Once the run task is complete it should wait for the previous write task to finish.
In essence, only one write and one run task should be occuring at a given moment, where the write task is from an earlier run task.
Since we only have two tasks, running and writing, this sort of program structure is suited to 2 threads only.
It’s pretty simple to set this by running export OMP_NUM_THREADS=2 on Linux (and I assume similarly on MacOS).
If you’re using Windows, you might try getting set up on WSL to try these tasks if it proves difficult natively.
Or just install Linux and embrace the freedom ;)
Bringing it all together
Great, now with all possible scenarios outlined, what is the best overall performance that we can achieve?
To keep things in line, I will report the time per mainloop execution.
The summary of runtimes for each experiment is shown in figure 1, below.
It’s clear from this figure that the no chunk, no slice run (first column) is significantly worse than any of the other runs.
So, to first order, these experiments insinuate that taking the naive approach may hurt your scalability quite easily.
The next 6 columns show the results from simply implementing chunking or slicing, but not both.
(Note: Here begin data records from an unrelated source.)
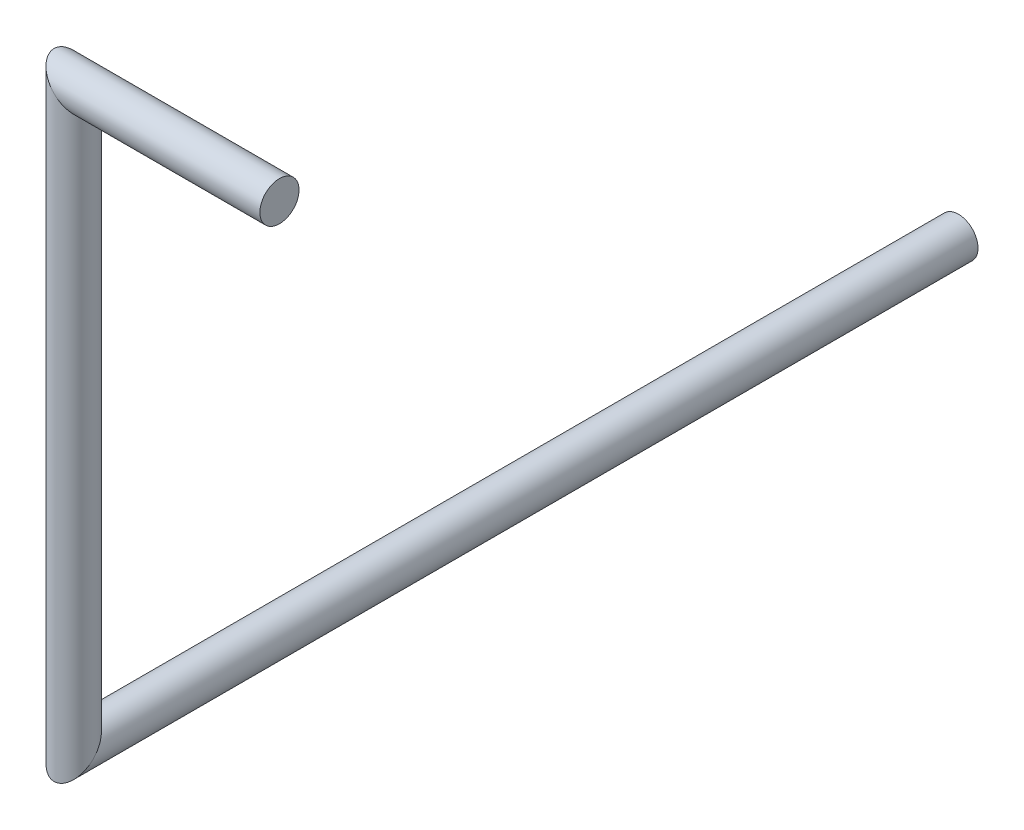
SolidWorks part; units mm, degrees
ref_plane "Alzado" through (0, 0, 0) normal (0, 0, 1) x (1, 0, 0)
ref_plane "Planta" through (0, 0, 0) normal (0, 1, 0) x (1, 0, 0)
ref_plane "Vista lateral" through (0, 0, 0) normal (1, 0, 0) x (0, 0, -1)
sketch "Croquis1" plane through (0, 0, 0) normal (0, 0, 1) x (1, 0, 0)
  circle A0 centre (0, 0) radius 9.525
  dimension "D1" = 19.05
extrude "Saliente-Extruir1" add sketch "Croquis1" along normal blind 10
sketch3d "Croquis3D1"
  line L0 (0, 0, 10) -> (0, 0, 430)
  line L1 (0, 0, 10) -> (0, 0, 0) construction
  line L2 (0, 0, 430) -> (0, 280, 430)
  line L3 (0, 280, 430) -> (100, 280, 430)
  dimension "D1" = 420
  dimension "D2" = 280
  dimension "D3" = 100
sketch "Croquis2" plane through (0, 0, 10) normal (0, 0, 1) x (1, 0, 0)
  circle A0 centre (0, 0) radius 9.525
sweep "Barrer1" add profiles "Croquis2" path "Croquis3D1"

This nets a runtime performance boost of 2-4x which is quite nice, especially in the case of chunking since it requires no modification of your IO code, but merely an extra call to nf90_def_var_chunking.
However, if it’s possible to implement both chunking and slicing even further benefits can be reaped.
This is shown in columns 8-14 of figure 1, where runtimes can decrease to the point that the IO portion of the run is negligible.
In the case of using chunking and slicing sizes of 1000 each the runtime devotes <5% to IO, since I have hard coded a 1 second sleep into the runner subroutine call as a proxy for doing “more complex computation”.
Clearly, if this level of IO performance can be acheived, the need for OpenMP is reduced.
However, some of the other experiments show that when IO is still on the same order of runtime as the computation, adding OpenMP can decrease overall runtimes.
Columns 2-13 of figure 1 show this where the runtime of the parallel version of the code reduces runtime on average by about 1 second (that is, the time I hard-coded as “more complex computation”)
Godspeed all ye who try to implement this
Despite all the rather nice results for a simple and contrived test case I must lament that actually changing the code of more complex models to maximize this performance can be a trying task. When writing numerical code the IO performance is something that’s often not considered as a first order determining factor for overall performance, and in many cases that is a fair assumption. But, when that assumption breaks down it often does so in a pernicious way and is not easily fixed by simple (or even savvy) users of the code.